### If the sum of the first $p$ terms of an AP is the same as the sum of its first $q$ terms (where $p \ne q$) then show that the sum of its first $(p + q)$ terms is zero.

1. We know that the sum of first $n$ terms of an AP is given by $S_n = \dfrac { n } { 2 } (2a + (n-1)d),$ where $a$ is the first term and $n$ is the number of terms in the AP.

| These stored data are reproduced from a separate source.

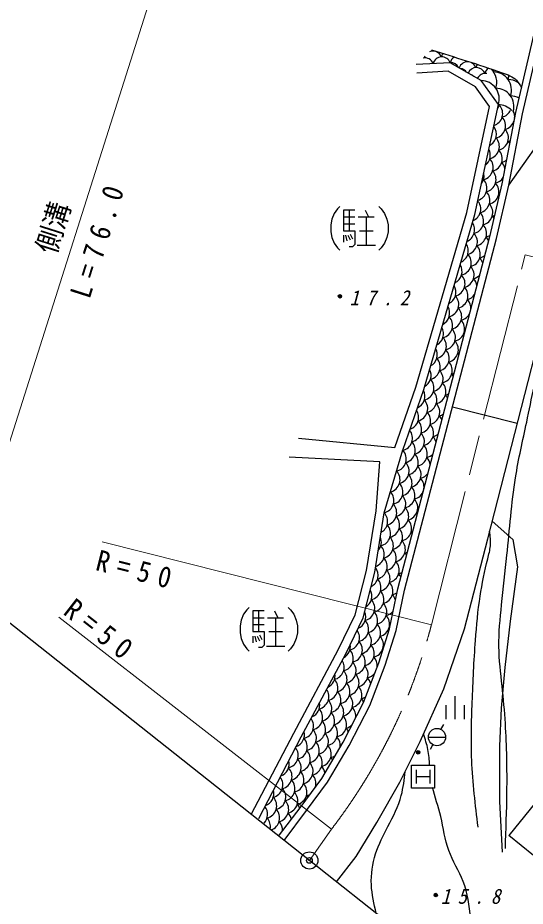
# Model space of a CAD drawing. Units: millimetres, scale not verified. Extents: x 40000 to 680000, y 20000 to 380000.
# Drawn here: x 90469 to 134754, y 243012 to 320474 of the extents above; entities that cross this region are included whole.
import ezdxf
from ezdxf.enums import TextEntityAlignment as Align

# ---------------------------------------------------------------- set-up
doc = ezdxf.new("R2010")
doc.units = ezdxf.units.MM
doc.header["$LTSCALE"] = 1000
doc.header["$PDMODE"] = 32
doc.header["$PDSIZE"] = 500
doc.linetypes.add('CHAIN', pattern=[18.5, 12, -1.5, 3.5, -1.5])
for name, color, linetype, lineweight in [('M-BGD', 7, 'Continuous', 25), ('M-BMK', 2, 'CHAIN', 13), ('M-BMK-SRVR', 3, 'Continuous', 25), ('M-STR-HTXT', 7, 'Continuous', 13), ('M-STR-STRC', 7, 'Continuous', 25)]:
    doc.layers.add(name, color=color, linetype=linetype, lineweight=lineweight)
doc.layers.add('M-OTRS', color=6, linetype='Continuous')
doc.styles.add('ＭＳ ゴシック', font='')
doc.styles.get('ＭＳ ゴシック').set_extended_font_data('MS Gothic')

msp = doc.modelspace()

# ---------------------------------------------------------------- linework, layer by layer
at = {"layer": 'M-BGD'}
for p, q in [((119380, 303712), (119380, 301912)), ((120780, 303712), (121080, 303112)), ((118880, 303112), (119880, 303112)), ((120180, 303112), (121580, 303112)), ((120880, 303112), (120880, 300612)), ((118880, 302512), (119880, 302512)), ((118880, 301512), (118880, 300912)), ((119080, 301512), (119180, 301012)), ((119280, 301512), (119480, 301112)), ((119480, 301612), (119680, 301212)), ((120280, 301912), (121480, 301912)), ((121680, 300612), (120080, 300612)), ((134059, 285105), (128397, 286536)), ((110970, 268163), (111970, 268163)), ((111470, 268763), (111470, 266963)), ((112270, 268163), (113670, 268163)), ((112870, 268763), (113170, 268163)), ((112970, 268163), (112970, 265663)), ((110970, 267563), (111970, 267563)), ((110970, 266563), (110970, 265963)), ((111170, 266563), (111270, 266063)), ((111370, 266563), (111570, 266163)), ((111570, 266663), (111770, 266263)), ((112370, 266963), (113570, 266963)), ((113770, 265663), (112170, 265663)), ((128622, 261333), (128622, 259333)), ((127822, 260533), (127822, 259333)), ((129422, 260533), (129422, 259333)), ((127401, 258421), (127636, 258863)), ((126300, 257759), (127800, 257759)), ((126686, 257103), (126444, 256665)), ((139121, 256369), (133313, 249169)), ((140412, 243443), (133313, 249169))]:
    msp.add_line(p, q, dxfattribs=at)
for points in [[(131654, 301379), (132733, 306007), (133926, 312222), (135833, 320330)], [(132238, 301243), (133320, 305882), (134513, 312097), (136417, 320193)], [(133320, 305882), (137180, 311340), (139714, 313847), (142379, 316044), (145145, 317915), (147598, 319300)], [(124072, 282763), (125891, 288055), (130354, 303330), (132406, 312903), (130912, 314994), (128200, 316552), (125242, 316387)], [(114974, 283825), (123382, 283001), (125195, 288276), (129646, 303509), (131624, 312741), (130410, 314440), (128024, 315811), (125283, 315658)], [(118282, 245132), (120003, 247336), (121817, 250299), (123804, 253821), (125582, 257370), (127640, 261973), (129453, 267203), (131475, 275042), (139128, 304848), (140700, 306352)], [(118580, 304012), (118380, 303812), (118080, 303412), (117880, 302912), (117780, 302412), (117780, 301812), (117880, 301312), (118080, 300812), (118380, 300412), (118580, 300212)], [(119880, 303712), (118880, 303712), (118880, 301912), (119880, 301912), (119880, 300712), (119680, 300512), (119380, 300512)], [(121980, 304012), (122180, 303812), (122480, 303412), (122680, 302912), (122780, 302412), (122780, 301812), (122680, 301312), (122480, 300812), (122180, 300412), (121980, 300212)], [(113233, 249108), (115186, 251711), (116994, 254154), (118862, 257324), (120632, 260762), (121966, 264230), (122898, 267194), (123639, 270696), (131658, 301394)], [(113712, 248747), (115669, 251354), (117495, 253822), (119388, 257034), (121180, 260517), (122532, 264032), (123479, 267041), (124223, 270558), (132238, 301243)], [(111495, 250675), (115208, 257767), (119087, 265030), (120609, 268159), (121625, 272138), (122447, 277316), (124081, 282792)], [(110848, 251013), (114562, 258108), (118436, 265362), (119920, 268412), (120909, 272286), (121733, 277478), (122063, 281764), (114150, 282177)], [(131870, 276581), (133670, 274990), (134089, 272615), (133437, 267864), (132971, 263813), (132645, 260273), (132505, 256966), (132505, 252141), (132738, 247717)], [(110670, 269063), (110470, 268863), (110170, 268463), (109970, 267963), (109870, 267463), (109870, 266863), (109970, 266363), (110170, 265863), (110470, 265463), (110670, 265263)], [(114070, 269063), (114270, 268863), (114570, 268463), (114770, 267963), (114870, 267463), (114870, 266863), (114770, 266363), (114570, 265863), (114270, 265463), (114070, 265263)], [(111970, 268763), (110970, 268763), (110970, 266963), (111970, 266963), (111970, 265763), (111770, 265563), (111470, 265563)]]:
    msp.add_lwpolyline(points, dxfattribs=at)
for centre, radius in [((118580, 296191), 150), ((118580, 296191), 90), ((118580, 296191), 30), ((127050, 257759), 750), ((126943, 243989), 150), ((126943, 243989), 90), ((126943, 243989), 30)]:
    msp.add_circle(centre, radius, dxfattribs=at)
for centre, radius, start, end in [((125994, 316205), 774, 19.95996, 101.89636), ((126703, 316796), 774, 154.70056, 166.39966), ((126703, 316796), 774, 19.95996, 113.59546), ((127473, 316288), 774, 19.95996, 166.39966), ((128182, 316878), 774, 142.15674, 166.39966), ((128952, 316370), 774, 120.5437, 166.39966), ((128243, 315779), 774, 27.06812, 93.17981), ((129722, 315861), 774, 81.53345, 162.03088), ((130492, 315353), 774, 19.95996, 157.7312), ((129722, 315861), 774, 19.95996, 62.91602), ((131201, 315944), 774, 144.646, 166.39966), ((131971, 315435), 774, 123.62585, 166.39966), ((129013, 315271), 774, 35.91821, 84.32983), ((129783, 314763), 774, 50.53125, 69.71667), ((131262, 314845), 774, 78.63257, 153.47449), ((130689, 314835), 1586, 341.43469, 47.95264), ((130476, 316262), 1586, 341.43469, 347.27014), ((131970, 314171), 1586, 341.43469, 89.65405), ((131757, 315598), 1586, 341.43469, 353.87891), ((130902, 313408), 1586, 341.43469, 89.65405), ((133251, 313507), 1586, 56.92224, 89.65405), ((132183, 312744), 1586, 344.43347, 89.65405), ((133464, 312080), 1586, 61.74048, 89.65405), ((131692, 312130), 1095, 287.20508, 41.44312), ((131440, 313194), 1095, 324.5271, 342.65125), ((132396, 311317), 1586, 42.09009, 89.65405), ((132486, 312882), 1095, 283.50183, 335.1698), ((132738, 311818), 1095, 354.4126, 27.1488), ((131944, 311066), 1095, 283.50183, 43.26904), ((132738, 311818), 1095, 283.50183, 343.85986), ((131150, 310314), 1095, 296.63965, 39.17078), ((132196, 310002), 1095, 283.50183, 43.26904), ((131402, 309250), 1095, 283.50183, 43.26904), ((132990, 310754), 1095, 283.50183, 295.05969), ((132448, 308938), 1095, 29.66724, 43.26904), ((130608, 308498), 1095, 307.55005, 28.2605), ((131654, 308186), 1095, 283.50183, 43.26904), ((130860, 307434), 1095, 283.50183, 43.26904), ((132448, 308938), 1095, 283.50183, 308.60522), ((131906, 307122), 1095, 10.16418, 43.26904), ((130066, 306682), 1095, 321.85059, 13.95984), ((131112, 306370), 1095, 283.50183, 43.26904), ((130318, 305618), 1095, 285.92981, 43.26904), ((131364, 305306), 1095, 283.50183, 43.26904), ((131906, 307122), 1095, 283.50183, 328.10828), ((130570, 304554), 1095, 283.50183, 43.26904), ((129777, 303803), 1095, 292.56506, 40.59131), ((131616, 304242), 1095, 38.03101, 43.26904), ((130822, 303491), 1095, 283.50183, 43.26904), ((130029, 302739), 1095, 283.50183, 43.26904), ((131616, 304242), 1095, 283.50183, 295.72388), ((131074, 302427), 1095, 29.77185, 43.26904), ((129235, 301987), 1095, 293.29517, 34.12964), ((130281, 301675), 1095, 283.50183, 43.26904), ((129487, 300923), 1095, 283.50183, 43.26904), ((131074, 302427), 1095, 283.50183, 303.98303), ((130533, 300611), 1095, 20.96326, 43.26904), ((128693, 300171), 1095, 294.03296, 33.39172), ((129739, 299859), 1095, 283.50183, 43.26904), ((128945, 299107), 1095, 283.50183, 43.26904), ((130533, 300611), 1095, 283.50183, 309.75818), ((129991, 298795), 1095, 14.58606, 43.26904), ((128151, 298355), 1095, 294.77905, 32.64575), ((129197, 298043), 1095, 283.50183, 43.26904), ((128403, 297291), 1095, 283.50183, 43.26904), ((129991, 298795), 1095, 283.50183, 316.13538), ((129449, 296979), 1095, 6.55859, 43.26904), ((127609, 296539), 1095, 295.53357, 31.89111), ((128655, 296227), 1095, 283.50183, 43.26904), ((127861, 295475), 1095, 283.50183, 43.26904), ((129449, 296979), 1095, 283.50183, 324.16284), ((128907, 295163), 1095, 352.62732, 43.26904), ((127067, 294723), 1095, 296.29712, 31.12756), ((128113, 294411), 1095, 283.50183, 43.26904), ((127319, 293659), 1095, 283.50183, 43.26904), ((128907, 295163), 1095, 283.50183, 338.09412), ((128365, 293347), 1095, 283.50183, 43.26904), ((126526, 292908), 1095, 297.07031, 30.35449), ((127571, 292596), 1095, 283.50183, 43.26904), ((126778, 291844), 1095, 283.50183, 43.26904), ((127824, 291532), 1095, 283.50183, 43.26904), ((125984, 291092), 1095, 297.85327, 29.57153), ((127030, 290780), 1095, 283.50183, 43.26904), ((128617, 292283), 1095, 283.50183, 291.05566), ((126236, 290028), 1095, 283.50183, 43.26904), ((128076, 290468), 1095, 35.3374, 43.26904), ((125442, 289276), 1095, 298.64685, 28.77795), ((126488, 288964), 1095, 283.50183, 43.26904), ((127282, 289716), 1095, 283.50183, 43.26904), ((125694, 288212), 1095, 283.50183, 43.26904), ((128076, 290468), 1095, 283.50183, 295.38403), ((127534, 288652), 1095, 30.71411, 43.26904), ((126740, 287900), 1095, 283.50183, 43.26904), ((124900, 287460), 1095, 293.80432, 28.25488), ((125946, 287148), 1095, 283.50183, 43.26904), ((127534, 288652), 1095, 283.50183, 300.00732), ((126992, 286836), 1095, 25.68787, 43.26904), ((125152, 286396), 1095, 283.50183, 43.26904), ((126198, 286084), 1095, 283.50183, 43.26904), ((124358, 285644), 1095, 288.47485, 33.58423), ((125404, 285332), 1095, 283.50183, 43.26904), ((126992, 286836), 1095, 283.50183, 305.03357), ((124610, 284580), 1095, 283.50183, 43.26904), ((126450, 285020), 1095, 20.07593, 43.26904), ((123816, 283828), 1095, 283.50183, 38.55737), ((125656, 284268), 1095, 283.50183, 43.26904), ((124068, 282764), 1095, 283.50183, 43.26904), ((124862, 283516), 1095, 283.50183, 43.26904), ((126450, 285020), 1095, 283.50183, 310.64551), ((125908, 283204), 1095, 13.52185, 43.26904), ((123275, 282013), 1095, 283.50183, 43.26904), ((125114, 282452), 1095, 283.50183, 43.26904), ((124320, 281701), 1095, 283.50183, 43.26904), ((125908, 283204), 1095, 283.50183, 317.19971), ((125366, 281388), 1095, 5.09729, 43.26904), ((123527, 280949), 1095, 283.50183, 43.26904), ((124573, 280637), 1095, 283.50183, 43.26904), ((122733, 280197), 1095, 283.50183, 43.26904), ((123779, 279885), 1095, 283.50183, 43.26904), ((125366, 281388), 1095, 283.50183, 325.62415), ((122985, 279133), 1095, 283.50183, 43.26904), ((124825, 279573), 1095, 283.50183, 43.26904), ((122191, 278381), 1095, 283.50183, 43.26904), ((124031, 278821), 1095, 283.50183, 43.26904), ((123237, 278069), 1095, 283.50183, 43.26904), ((124283, 277757), 1095, 283.50183, 43.26904), ((121649, 276565), 1095, 298.69238, 43.26904), ((122443, 277317), 1095, 283.50183, 43.26904), ((123489, 277005), 1095, 283.50183, 43.26904), ((122695, 276253), 1095, 283.50183, 43.26904), ((123741, 275941), 1095, 283.50183, 43.26904), ((121901, 275501), 1095, 283.50183, 43.26904), ((122947, 275189), 1095, 283.50183, 43.26904), ((121107, 274749), 1095, 318.15796, 23.80347), ((122153, 274437), 1095, 283.50183, 43.26904), ((124535, 276693), 1095, 283.50183, 291.68726), ((123993, 274877), 1095, 34.66675, 43.26904), ((121359, 273685), 1095, 288.42017, 43.26904), ((123199, 274125), 1095, 283.50183, 43.26904), ((122405, 273373), 1095, 283.50183, 43.26904), ((123993, 274877), 1095, 283.50183, 296.05469), ((123451, 273061), 1095, 29.99146, 43.26904), ((121611, 272621), 1095, 283.50183, 43.26904), ((122657, 272309), 1095, 283.50183, 43.26904), ((120818, 271870), 1095, 296.48328, 37.39209), ((121863, 271557), 1095, 283.50183, 43.26904), ((123451, 273061), 1095, 283.50183, 300.72998), ((122909, 271245), 1095, 24.89172, 43.26904), ((121070, 270806), 1095, 283.50183, 43.26904), ((122116, 270493), 1095, 283.50183, 43.26904), ((120276, 270054), 1095, 301.95361, 29.40088), ((121322, 269742), 1095, 283.50183, 43.26904), ((122909, 271245), 1095, 283.50183, 307.12549), ((120528, 268990), 1095, 283.50183, 43.26904), ((122368, 269430), 1095, 14.37085, 43.26904), ((121574, 268678), 1095, 283.50183, 43.26904), ((119734, 268238), 1095, 292.63855, 23.31714), ((120780, 267926), 1095, 283.50183, 43.26904), ((121826, 267614), 1095, 283.50183, 43.26904), ((122368, 269430), 1095, 283.50183, 321.74084), ((119986, 267174), 1095, 283.50183, 43.26904), ((121032, 266862), 1095, 283.50183, 43.26904), ((119192, 266422), 1095, 283.50183, 36.05676), ((120238, 266110), 1095, 283.50183, 43.26904), ((121284, 265798), 1095, 283.50183, 43.26904), ((118398, 265670), 1095, 297.97314, 8.87891), ((119444, 265358), 1095, 283.50183, 43.26904), ((120490, 265046), 1095, 283.50183, 43.26904), ((118650, 264606), 1095, 283.50183, 43.26904), ((119696, 264294), 1095, 283.50183, 43.26904), ((117856, 263854), 1095, 283.50183, 32.87158), ((118902, 263542), 1095, 283.50183, 43.26904), ((120742, 263982), 1095, 354.93359, 43.26904), ((118108, 262790), 1095, 283.50183, 43.26904), ((119948, 263230), 1095, 283.50183, 43.26904), ((117062, 263102), 1095, 295.1261, 8.66138), ((117315, 262039), 1095, 283.50183, 43.26904), ((119154, 262478), 1095, 283.50183, 43.26904), ((120742, 263982), 1095, 283.50183, 322.98181), ((120200, 262166), 1095, 13.0824, 43.26904), ((116521, 261287), 1095, 283.50183, 34.73828), ((118360, 261726), 1095, 283.50183, 43.26904), ((119406, 261414), 1095, 283.50183, 43.26904), ((117567, 260975), 1095, 283.50183, 43.26904), ((118612, 260662), 1095, 283.50183, 43.26904), ((120200, 262166), 1095, 283.50183, 304.83301), ((119658, 260350), 1095, 24.9895, 43.26904), ((115727, 260535), 1095, 292.45703, 11.33032), ((116773, 260223), 1095, 283.50183, 43.26904), ((117819, 259911), 1095, 283.50183, 43.26904), ((118865, 259598), 1095, 351.25781, 43.26904), ((115979, 259471), 1095, 283.50183, 43.26904), ((117025, 259159), 1095, 283.50183, 43.26904), ((118071, 258847), 1095, 283.50183, 43.26904), ((115185, 258719), 1095, 283.50183, 36.57434), ((116231, 258407), 1095, 283.50183, 43.26904), ((117277, 258095), 1095, 283.50183, 43.26904), ((118865, 259598), 1095, 283.50183, 314.28491), ((114391, 257967), 1095, 290.53821, 13.85608), ((115437, 257655), 1095, 283.50183, 43.26904), ((116483, 257343), 1095, 283.50183, 43.26904), ((118323, 257783), 1095, 23.74023, 43.26904), ((114643, 256903), 1095, 283.50183, 43.26904), ((115689, 256591), 1095, 283.50183, 43.26904), ((117529, 257031), 1095, 353.5686, 43.26904), ((113849, 256151), 1095, 283.50183, 37.87964), ((114895, 255839), 1095, 283.50183, 43.26904), ((116735, 256279), 1095, 283.50183, 43.26904), ((113055, 255399), 1095, 289.95007, 14.78528), ((114101, 255087), 1095, 283.50183, 43.26904), ((115941, 255527), 1095, 283.50183, 43.26904), ((117529, 257031), 1095, 283.50183, 305.3949), ((116987, 255215), 1095, 29.66541, 43.26904), ((113307, 254335), 1095, 283.50183, 43.26904), ((115147, 254775), 1095, 283.50183, 43.26904), ((116193, 254463), 1095, 8.85657, 43.26904), ((112514, 253584), 1095, 283.50183, 38.31226), ((114353, 254023), 1095, 283.50183, 43.26904), ((115399, 253711), 1095, 345.07739, 43.26904), ((113559, 253271), 1095, 283.50183, 43.26904), ((114605, 252959), 1095, 283.50183, 43.26904), ((111720, 252832), 1095, 289.36841, 15.36694), ((112766, 252520), 1095, 283.50183, 43.26904), ((113811, 252207), 1095, 283.50183, 43.26904), ((115399, 253711), 1095, 283.50183, 301.94006), ((114857, 251895), 1095, 33.52356, 43.26904), ((111972, 251768), 1095, 283.50183, 43.26904), ((113018, 251456), 1095, 283.50183, 43.26904), ((114064, 251143), 1095, 22.50745, 43.26904), ((111178, 251016), 1095, 315.80298, 38.74353), ((112224, 250704), 1095, 290.21558, 43.26904), ((113270, 250392), 1095, 10.52625, 43.26904), ((111430, 249952), 1095, 349.93994, 43.26904), ((112476, 249640), 1095, 355.51807, 43.26904)]:
    msp.add_arc(centre, radius, start, end, dxfattribs=at)
for points, knots in [([(126568, 317674), (128585, 317047), (130602, 316421), (132733, 315686), (133201, 315524), (133674, 315357), (133992, 315023), (134170, 314835), (134299, 314596), (134428, 314356)], [0, 0, 0, 0, 1, 1, 1, 2, 2, 2, 3, 3, 3, 3]), ([(133018, 248043), (133078, 249688), (133138, 251333), (133157, 252979), (133180, 254968), (133143, 256958), (133018, 258941), (132949, 260029), (132853, 261114), (132738, 262201), (132616, 263351), (132474, 264501), (132459, 265653), (132441, 266864), (132565, 268077), (132692, 269286), (132845, 270732), (133014, 272172), (133157, 273617), (133395, 275873), (133549, 278140), (133903, 280376), (134166, 282001), (134535, 283608), (134881, 285220), (135317, 287276), (135713, 289340), (136231, 291374), (136696, 293202), (137241, 295009), (137768, 296823), (138092, 298100), (138350, 299375), (138793, 300688), (139118, 301654), (139544, 302640), (139351, 303576), (139289, 303880), (139161, 304178), (139033, 304477)], [0, 0, 0, 0, 1, 1, 1, 2, 2, 2, 3, 3, 3, 4, 4, 4, 5, 5, 5, 6, 6, 6, 7, 7, 7, 8, 8, 8, 9, 9, 9, 10, 10, 10, 11, 11, 11, 12, 12, 12, 13, 13, 13, 13]), ([(130642, 249914), (130403, 251852), (130163, 253790), (130084, 255735), (130015, 257424), (130066, 259120), (130130, 260812), (130198, 262606), (130279, 264397), (130410, 266188), (130506, 267481), (130621, 268775), (130829, 270053), (130993, 271147), (131202, 272232), (131481, 273313), (131576, 273684), (131680, 274055), (131714, 274431), (131751, 274855), (131700, 275285), (131648, 275716)], [0, 0, 0, 0, 1, 1, 1, 2, 2, 2, 3, 3, 3, 4, 4, 4, 5, 5, 5, 6, 6, 6, 7, 7, 7, 7]), ([(126410, 255303), (126380, 255761), (126351, 256220), (126265, 256667), (126176, 257129), (126026, 257579), (125877, 258029)], [0, 0, 0, 0, 1, 1, 1, 2, 2, 2, 2]), ([(121758, 242383), (121563, 243211), (121368, 244039), (121328, 244884), (121285, 245792), (121420, 246719), (121701, 247585), (121969, 248413), (122370, 249184), (122772, 249960), (123226, 250837), (123681, 251721), (123936, 252662), (124121, 253345), (124201, 254058), (124280, 254772)], [0, 0, 0, 0, 1, 1, 1, 2, 2, 2, 3, 3, 3, 4, 4, 4, 5, 5, 5, 5]), ([(129991, 241950), (129858, 243049), (129726, 244149), (129338, 245164), (128986, 246086), (128423, 246939), (128081, 247865), (127729, 248816), (127610, 249846), (127382, 250845), (127170, 251697), (126875, 252529), (126672, 253377)], [0, 0, 0, 0, 1, 1, 1, 2, 2, 2, 3, 3, 3, 4, 4, 4, 4])]:
    msp.add_open_spline(points, degree=3, knots=knots, dxfattribs=at)
at = {"layer": 'M-BMK'}
for p, q in [((126565, 267545), (134754, 299812)), ((115919, 247002), (117845, 249730))]:
    msp.add_line(p, q, dxfattribs=at)
msp.add_arc((78189, 280183), 50000, 322.47827, 345.35913, dxfattribs=at)
at = {"layer": 'M-BMK-SRVR'}
msp.add_lwpolyline([(130753, 235267), (115919, 247002), (82880, 273138)], dxfattribs=at)
for radius in [750, 30]:
    msp.add_circle((115919, 247002), radius, dxfattribs=at)
at = {"layer": 'M-OTRS'}
msp.add_point((115919, 247002), dxfattribs=at)
at = {"layer": 'M-STR-HTXT'}
for p, q in [((85737, 270878), (104620, 330297)), ((126565, 267545), (97842, 274787)), ((94068, 268211), (117845, 249730))]:
    msp.add_line(p, q, dxfattribs=at)
msp.add_lwpolyline([(168768, 316669), (158986, 293662), (134754, 299812)], dxfattribs=at)
at = {"layer": 'M-STR-STRC'}
for p, q in [((125241, 254910), (125241, 253710)), ((126441, 254910), (126441, 253710)), ((125241, 254310), (126441, 254310))]:
    msp.add_line(p, q, dxfattribs=at)
msp.add_lwpolyline([(124841, 253310), (124841, 255310), (126841, 255310), (126841, 253310)], close=True, dxfattribs=at)
for radius in [150, 90, 30]:
    msp.add_circle((125412, 256432), radius, dxfattribs=at)

# ---------------------------------------------------------------- texts
at = {"layer": 'M-BGD', "char_height": 1320, "attachment_point": 7, "style": 'ＭＳ ゴシック'}
for s, insert in [('\\T1.8;\\W0.9;\\Q15;17.2', (119428, 295383)), ('\\T1.8;\\W0.9;\\Q15;15.8', (127387, 243199))]:
    msp.add_mtext(s, dxfattribs=dict(at, insert=insert))
at = {"layer": 'M-STR-HTXT', "style": 'ＭＳ ゴシック', "width": 0.9}
msp.add_text('側溝', height=1833, rotation=72.4, dxfattribs=at).set_placement((94272, 299596), align=Align.BOTTOM_LEFT)
at = {"layer": 'M-STR-HTXT', "char_height": 1833, "attachment_point": 7, "style": 'ＭＳ ゴシック'}
for s, insert, rotation in [('\\T1.59;\\W0.9;L=76.0', (96756, 295871), 72.4), ('\\T1.64;\\W0.9;R=50', (97159, 272311), 345.8), ('\\T1.64;\\W0.9;R=50', (94322, 268507), 322.1)]:
    msp.add_mtext(s, dxfattribs=dict(at, insert=insert, rotation=rotation))

doc.saveas('drawing.dxf')
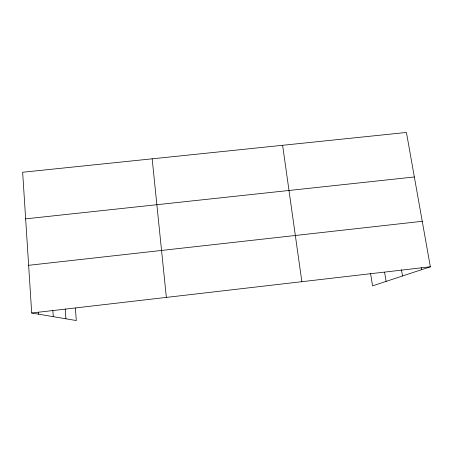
<?xml version="1.0" encoding="UTF-8"?>
<svg xmlns="http://www.w3.org/2000/svg" width="453" height="453" viewBox="0 0 453 453"><rect width="100%" height="100%" fill="white"/><g stroke="black" fill="none" stroke-linecap="round" stroke-linejoin="round"><path stroke-width="0.68" d="M75.351 308.029L76.308 320.548L31.693 313.012L22.65 172.253L406.426 132.452L430.35 266.789L372.559 285.871L370.537 273.295M31.693 313.012L430.35 266.789M28.63 265.305L422.247 221.296M25.645 218.85L414.353 176.964M421.194 267.604L421.556 269.688M401.477 269.75L402.53 275.973M384.614 272.349L386.109 281.398M282.621 145.294L301.862 281.687M152.168 158.822L166.359 297.4M65.204 309.037L65.923 318.793M52.831 310.384L53.273 316.658M38.397 312.055L38.533 314.167"/></g></svg>

2. We are given that \begin{aligned} & S_p = S_q \\ \implies & \dfrac { p } { 2 } (2a + (p - 1)d) = \dfrac { q } { 2 } (2a + (q - 1)d) \\ \implies & p(2a + (p - 1)d) = q(2a + (q - 1)d) \\ \implies & 2ap + (p - 1)dp = 2aq + (q - 1)dq \\ \implies & 2ap - 2aq = (q - 1)dq - (p - 1)dp \\ \implies & 2a(p - q) = q^2d - dq - p^2d + dp \\ \implies & 2a(p - q) = q^2d - p^2d + dp - dq \\ \implies & 2a(p - q) = - d(p^2 - q^2) + d(p - q) \\ \implies & 2a(p - q) = - d(p - q)(p + q) + d(p - q) \\ \implies & 2a(p - q) = (p - q) [- d(p + q) + d] \\ \implies & 2a = - d(p + q) + d \\ \implies & 2a = (1 - p - q)d && \ldots \text{(i)} \\ \end{aligned}
3. Now, the sum of first $(p + q)$ terms of the given AP is \begin{aligned} S_{ p+q } & = \dfrac { p + q } { 2 } (2a + (p + q -1)d) \\ & = \dfrac { p + q } { 2 } ((1 - p - q)d + (p + q - 1)d) && \text{ [Using(i)] } \\ & = \dfrac { p + q } { 2 } (d - pd - qd + pd + qd - d) \\ & = \dfrac { p + q } { 2 } (0) \\ & = 0 \end{aligned}
4. Hence, the sum of $(p + q)$ terms is $0$ .